* _What the task requires_: Among the entries below, please show each line that carries the word "message".

* _Information given_:
^^^^

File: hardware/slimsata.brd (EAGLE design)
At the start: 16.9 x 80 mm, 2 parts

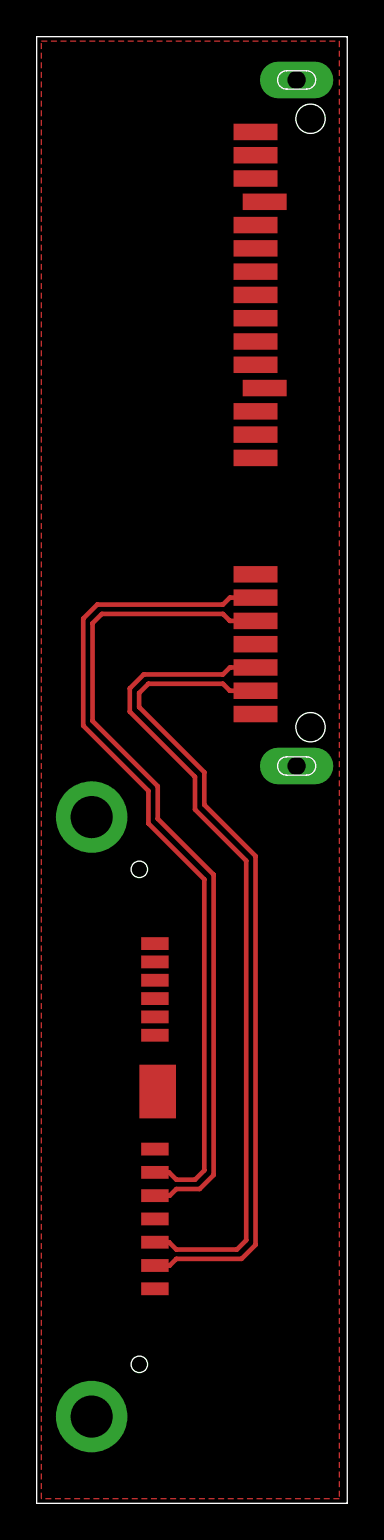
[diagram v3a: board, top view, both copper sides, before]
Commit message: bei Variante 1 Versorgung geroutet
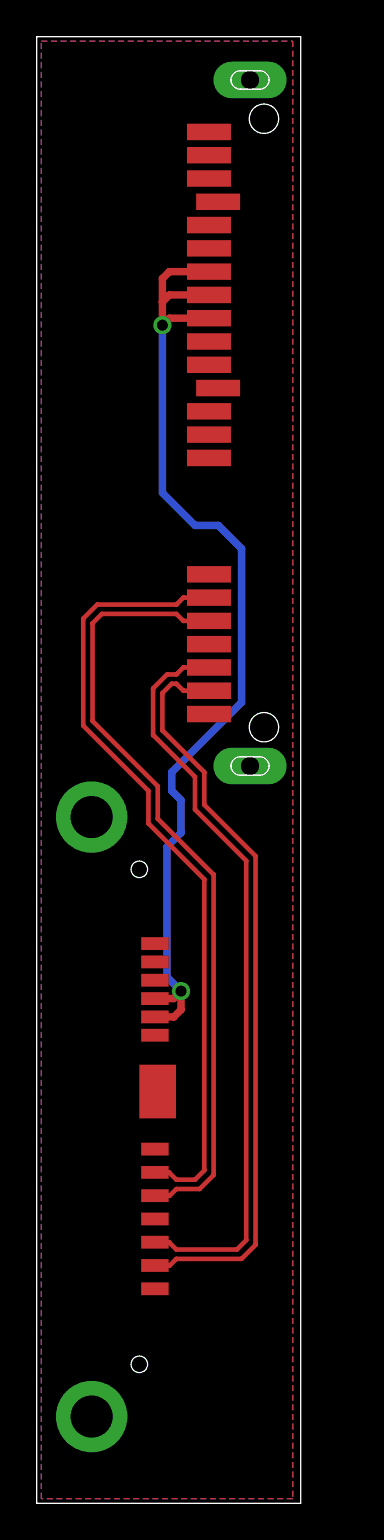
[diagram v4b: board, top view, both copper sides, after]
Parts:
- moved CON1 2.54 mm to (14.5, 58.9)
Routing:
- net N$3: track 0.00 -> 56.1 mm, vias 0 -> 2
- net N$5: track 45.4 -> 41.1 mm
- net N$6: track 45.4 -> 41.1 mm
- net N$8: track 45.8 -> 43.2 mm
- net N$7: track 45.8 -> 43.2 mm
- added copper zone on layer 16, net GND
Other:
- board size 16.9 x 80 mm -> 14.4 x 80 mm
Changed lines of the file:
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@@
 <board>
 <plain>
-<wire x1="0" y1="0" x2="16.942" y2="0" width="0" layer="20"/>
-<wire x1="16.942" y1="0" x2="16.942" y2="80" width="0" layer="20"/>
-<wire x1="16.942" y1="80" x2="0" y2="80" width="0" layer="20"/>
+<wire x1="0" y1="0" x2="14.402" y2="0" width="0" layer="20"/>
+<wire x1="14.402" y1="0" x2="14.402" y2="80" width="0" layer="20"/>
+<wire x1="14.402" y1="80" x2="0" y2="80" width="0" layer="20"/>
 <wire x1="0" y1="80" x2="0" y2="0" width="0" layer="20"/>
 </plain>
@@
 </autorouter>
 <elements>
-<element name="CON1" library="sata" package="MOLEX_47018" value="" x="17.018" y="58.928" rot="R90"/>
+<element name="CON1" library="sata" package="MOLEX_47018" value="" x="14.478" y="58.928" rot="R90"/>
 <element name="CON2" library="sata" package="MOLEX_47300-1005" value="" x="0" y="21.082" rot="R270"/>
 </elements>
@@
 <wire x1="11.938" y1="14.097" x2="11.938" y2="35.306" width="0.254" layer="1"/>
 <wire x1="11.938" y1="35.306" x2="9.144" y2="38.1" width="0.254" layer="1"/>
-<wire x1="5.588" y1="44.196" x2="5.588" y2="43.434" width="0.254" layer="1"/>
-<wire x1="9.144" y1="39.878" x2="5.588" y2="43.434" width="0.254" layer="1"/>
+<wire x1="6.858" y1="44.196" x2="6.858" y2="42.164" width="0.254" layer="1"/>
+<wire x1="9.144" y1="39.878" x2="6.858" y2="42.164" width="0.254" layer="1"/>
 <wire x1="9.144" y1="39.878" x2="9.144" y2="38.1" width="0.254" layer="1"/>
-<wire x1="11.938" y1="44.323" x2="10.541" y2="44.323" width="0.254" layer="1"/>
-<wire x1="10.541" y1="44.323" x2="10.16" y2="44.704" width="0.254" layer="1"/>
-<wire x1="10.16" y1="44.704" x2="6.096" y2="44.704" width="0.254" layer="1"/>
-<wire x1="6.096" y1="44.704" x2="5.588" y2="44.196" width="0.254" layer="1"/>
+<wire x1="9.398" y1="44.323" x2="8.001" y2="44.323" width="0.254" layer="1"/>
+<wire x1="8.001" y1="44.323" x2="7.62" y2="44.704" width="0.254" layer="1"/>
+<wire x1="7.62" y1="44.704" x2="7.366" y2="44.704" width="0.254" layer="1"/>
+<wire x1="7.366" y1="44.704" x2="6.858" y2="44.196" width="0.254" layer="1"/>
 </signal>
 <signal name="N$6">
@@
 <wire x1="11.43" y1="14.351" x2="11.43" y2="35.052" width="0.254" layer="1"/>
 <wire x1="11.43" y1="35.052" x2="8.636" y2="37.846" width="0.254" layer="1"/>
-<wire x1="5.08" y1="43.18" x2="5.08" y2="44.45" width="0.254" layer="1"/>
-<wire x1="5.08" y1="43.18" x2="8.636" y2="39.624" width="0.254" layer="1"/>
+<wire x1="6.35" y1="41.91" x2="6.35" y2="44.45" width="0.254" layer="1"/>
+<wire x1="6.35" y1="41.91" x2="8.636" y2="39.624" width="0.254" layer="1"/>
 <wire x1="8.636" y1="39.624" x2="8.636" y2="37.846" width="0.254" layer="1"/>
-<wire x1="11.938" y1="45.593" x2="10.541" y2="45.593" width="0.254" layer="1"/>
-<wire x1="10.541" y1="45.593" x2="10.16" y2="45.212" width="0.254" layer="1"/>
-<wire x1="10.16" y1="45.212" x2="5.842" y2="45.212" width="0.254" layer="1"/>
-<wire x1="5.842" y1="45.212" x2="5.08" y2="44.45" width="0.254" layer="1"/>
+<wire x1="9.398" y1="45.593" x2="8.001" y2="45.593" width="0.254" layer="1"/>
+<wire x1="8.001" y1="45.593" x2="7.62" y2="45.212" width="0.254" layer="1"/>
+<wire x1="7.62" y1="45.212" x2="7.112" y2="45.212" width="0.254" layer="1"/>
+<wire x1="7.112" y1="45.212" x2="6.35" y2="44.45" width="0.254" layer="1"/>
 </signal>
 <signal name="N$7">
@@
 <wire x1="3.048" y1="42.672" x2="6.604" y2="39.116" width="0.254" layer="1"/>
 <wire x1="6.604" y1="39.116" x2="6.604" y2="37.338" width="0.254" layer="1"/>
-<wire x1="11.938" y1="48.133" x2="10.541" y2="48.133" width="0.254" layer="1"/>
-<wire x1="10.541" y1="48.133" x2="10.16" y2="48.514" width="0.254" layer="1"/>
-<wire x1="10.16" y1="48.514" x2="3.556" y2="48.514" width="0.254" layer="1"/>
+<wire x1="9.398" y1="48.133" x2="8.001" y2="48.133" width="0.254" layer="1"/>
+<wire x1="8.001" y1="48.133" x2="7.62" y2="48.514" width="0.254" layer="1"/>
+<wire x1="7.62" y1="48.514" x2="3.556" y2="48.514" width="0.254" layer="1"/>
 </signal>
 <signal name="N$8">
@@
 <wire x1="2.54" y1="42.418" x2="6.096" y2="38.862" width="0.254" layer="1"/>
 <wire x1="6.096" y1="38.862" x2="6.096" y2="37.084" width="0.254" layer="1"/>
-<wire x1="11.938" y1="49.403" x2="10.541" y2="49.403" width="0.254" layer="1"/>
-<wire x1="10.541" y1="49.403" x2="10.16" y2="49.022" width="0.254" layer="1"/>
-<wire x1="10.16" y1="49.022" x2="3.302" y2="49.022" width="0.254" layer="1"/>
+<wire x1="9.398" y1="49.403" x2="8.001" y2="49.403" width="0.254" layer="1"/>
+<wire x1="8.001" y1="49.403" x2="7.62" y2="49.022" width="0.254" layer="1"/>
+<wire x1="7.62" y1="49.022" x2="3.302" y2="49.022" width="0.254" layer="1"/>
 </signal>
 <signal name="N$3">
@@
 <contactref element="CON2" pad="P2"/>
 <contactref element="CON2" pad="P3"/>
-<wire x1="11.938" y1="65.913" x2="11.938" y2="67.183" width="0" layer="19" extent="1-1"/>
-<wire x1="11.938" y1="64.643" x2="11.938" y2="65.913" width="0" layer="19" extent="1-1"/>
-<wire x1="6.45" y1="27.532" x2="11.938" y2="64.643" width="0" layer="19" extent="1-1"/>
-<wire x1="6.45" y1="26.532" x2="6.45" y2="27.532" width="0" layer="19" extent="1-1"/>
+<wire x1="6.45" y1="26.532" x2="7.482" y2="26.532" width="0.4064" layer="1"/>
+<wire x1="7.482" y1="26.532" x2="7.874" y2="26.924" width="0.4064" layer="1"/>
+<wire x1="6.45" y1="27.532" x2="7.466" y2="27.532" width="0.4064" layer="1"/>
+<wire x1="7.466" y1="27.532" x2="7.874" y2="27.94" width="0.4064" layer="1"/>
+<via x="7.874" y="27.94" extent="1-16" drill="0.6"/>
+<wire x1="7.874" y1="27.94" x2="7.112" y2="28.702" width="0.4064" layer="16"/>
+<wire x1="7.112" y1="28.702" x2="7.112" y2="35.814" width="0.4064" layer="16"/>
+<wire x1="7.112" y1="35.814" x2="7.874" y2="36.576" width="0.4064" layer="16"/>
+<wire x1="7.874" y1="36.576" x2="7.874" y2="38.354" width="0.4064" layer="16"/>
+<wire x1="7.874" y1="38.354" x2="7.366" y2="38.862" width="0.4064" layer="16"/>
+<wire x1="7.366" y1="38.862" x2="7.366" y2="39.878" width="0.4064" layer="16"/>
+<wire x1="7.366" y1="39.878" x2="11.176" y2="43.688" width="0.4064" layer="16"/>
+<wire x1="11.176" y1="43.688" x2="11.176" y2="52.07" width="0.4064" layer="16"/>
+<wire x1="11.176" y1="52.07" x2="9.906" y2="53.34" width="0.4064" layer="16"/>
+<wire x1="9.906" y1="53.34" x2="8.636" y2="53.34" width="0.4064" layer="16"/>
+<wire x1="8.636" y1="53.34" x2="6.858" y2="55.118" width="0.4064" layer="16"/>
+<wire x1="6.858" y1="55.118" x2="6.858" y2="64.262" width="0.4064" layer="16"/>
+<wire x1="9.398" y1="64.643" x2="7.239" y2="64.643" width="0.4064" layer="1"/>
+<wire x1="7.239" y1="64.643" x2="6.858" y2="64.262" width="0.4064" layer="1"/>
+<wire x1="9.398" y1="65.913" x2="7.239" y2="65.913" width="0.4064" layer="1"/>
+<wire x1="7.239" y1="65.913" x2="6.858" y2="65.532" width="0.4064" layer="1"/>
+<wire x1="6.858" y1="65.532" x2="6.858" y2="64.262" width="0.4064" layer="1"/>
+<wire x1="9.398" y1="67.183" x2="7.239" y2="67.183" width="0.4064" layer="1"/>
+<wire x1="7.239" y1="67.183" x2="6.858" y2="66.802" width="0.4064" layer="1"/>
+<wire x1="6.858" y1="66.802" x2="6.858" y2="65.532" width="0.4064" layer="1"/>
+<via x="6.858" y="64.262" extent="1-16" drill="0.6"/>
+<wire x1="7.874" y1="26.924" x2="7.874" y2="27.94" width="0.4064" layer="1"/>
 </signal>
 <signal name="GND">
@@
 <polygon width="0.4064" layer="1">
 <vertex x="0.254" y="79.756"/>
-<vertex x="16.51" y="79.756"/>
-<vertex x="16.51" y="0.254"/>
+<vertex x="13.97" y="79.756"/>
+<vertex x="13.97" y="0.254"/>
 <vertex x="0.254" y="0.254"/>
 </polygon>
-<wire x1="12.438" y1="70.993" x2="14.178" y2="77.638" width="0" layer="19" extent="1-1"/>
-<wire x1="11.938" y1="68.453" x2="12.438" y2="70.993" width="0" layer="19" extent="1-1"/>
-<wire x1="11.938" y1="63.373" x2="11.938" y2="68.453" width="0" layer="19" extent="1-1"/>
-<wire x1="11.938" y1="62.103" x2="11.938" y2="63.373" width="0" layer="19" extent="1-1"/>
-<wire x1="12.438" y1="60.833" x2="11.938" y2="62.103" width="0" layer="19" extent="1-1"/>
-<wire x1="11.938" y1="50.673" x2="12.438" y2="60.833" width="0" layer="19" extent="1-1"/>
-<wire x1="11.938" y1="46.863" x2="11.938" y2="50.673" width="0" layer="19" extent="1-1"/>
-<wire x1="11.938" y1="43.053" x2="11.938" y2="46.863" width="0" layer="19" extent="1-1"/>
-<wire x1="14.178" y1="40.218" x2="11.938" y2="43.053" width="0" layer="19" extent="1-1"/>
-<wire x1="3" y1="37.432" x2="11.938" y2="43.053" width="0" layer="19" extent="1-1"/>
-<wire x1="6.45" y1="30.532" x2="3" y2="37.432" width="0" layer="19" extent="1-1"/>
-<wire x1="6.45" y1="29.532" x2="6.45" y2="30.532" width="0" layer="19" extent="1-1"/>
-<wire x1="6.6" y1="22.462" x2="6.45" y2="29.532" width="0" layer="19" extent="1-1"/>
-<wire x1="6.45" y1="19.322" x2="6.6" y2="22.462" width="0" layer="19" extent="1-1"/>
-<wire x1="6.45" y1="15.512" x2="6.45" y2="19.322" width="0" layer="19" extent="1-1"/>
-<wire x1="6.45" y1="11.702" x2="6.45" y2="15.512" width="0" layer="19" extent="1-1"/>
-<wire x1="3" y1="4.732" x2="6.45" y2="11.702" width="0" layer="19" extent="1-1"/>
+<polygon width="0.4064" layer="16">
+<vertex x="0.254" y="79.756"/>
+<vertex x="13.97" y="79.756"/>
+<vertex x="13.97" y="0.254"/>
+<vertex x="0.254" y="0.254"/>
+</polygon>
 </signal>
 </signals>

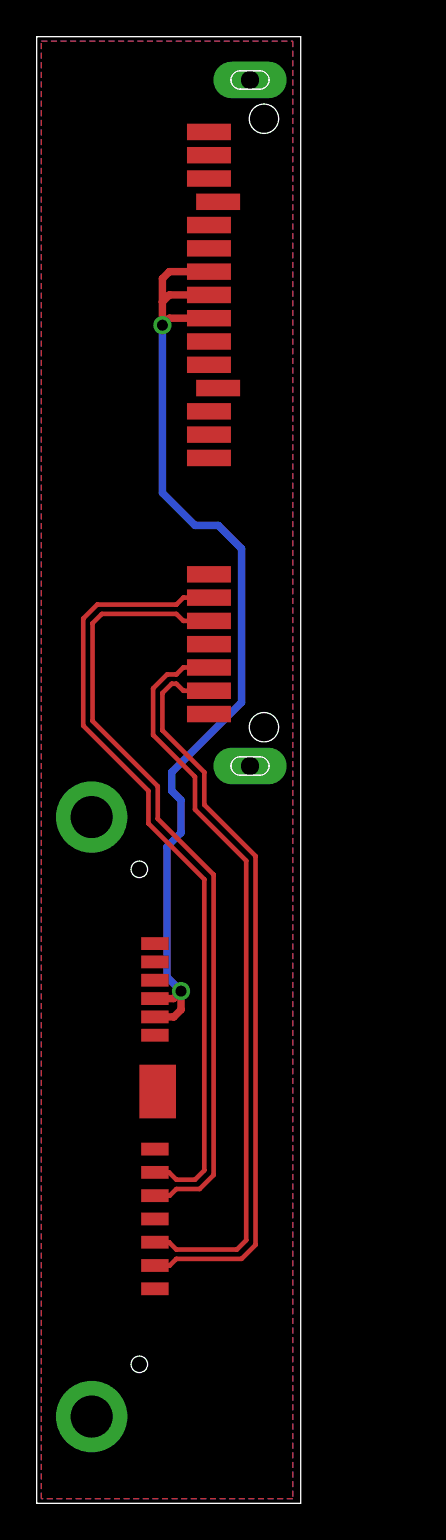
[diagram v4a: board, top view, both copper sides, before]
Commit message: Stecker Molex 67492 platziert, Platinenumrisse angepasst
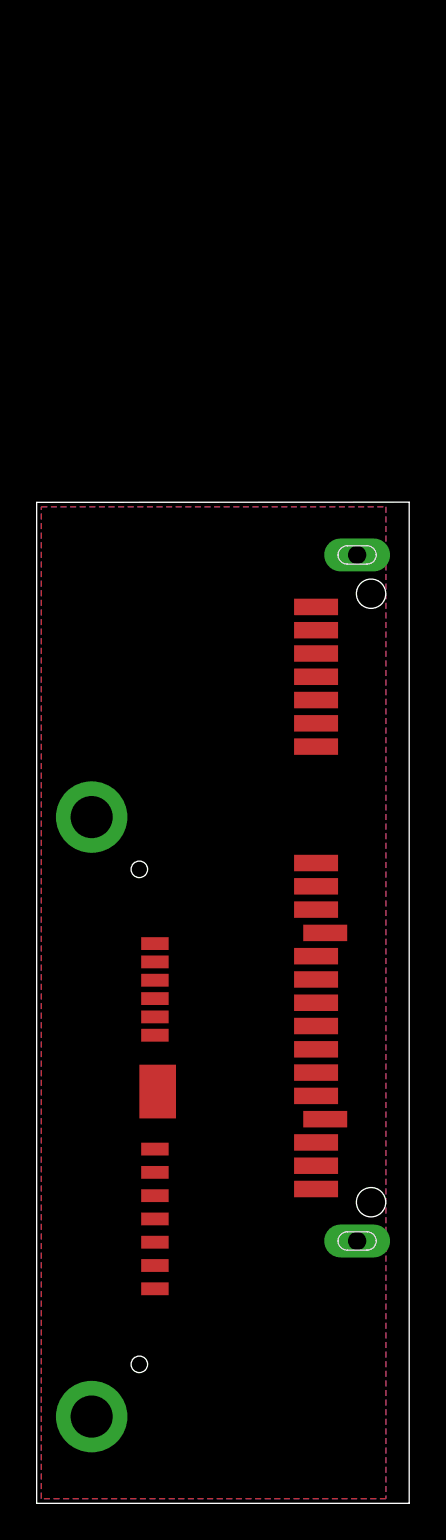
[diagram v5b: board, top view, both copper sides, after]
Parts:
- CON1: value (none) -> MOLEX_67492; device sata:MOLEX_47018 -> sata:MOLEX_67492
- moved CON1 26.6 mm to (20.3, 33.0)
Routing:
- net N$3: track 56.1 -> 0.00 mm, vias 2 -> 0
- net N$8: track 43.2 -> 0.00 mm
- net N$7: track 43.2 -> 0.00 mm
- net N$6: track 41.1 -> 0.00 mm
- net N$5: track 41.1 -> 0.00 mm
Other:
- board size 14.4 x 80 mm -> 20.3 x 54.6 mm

^^^^

* _Output_:
Commit message: bei Variante 1 Versorgung geroutet
Commit message: Stecker Molex 67492 platziert, Platinenumrisse angepasst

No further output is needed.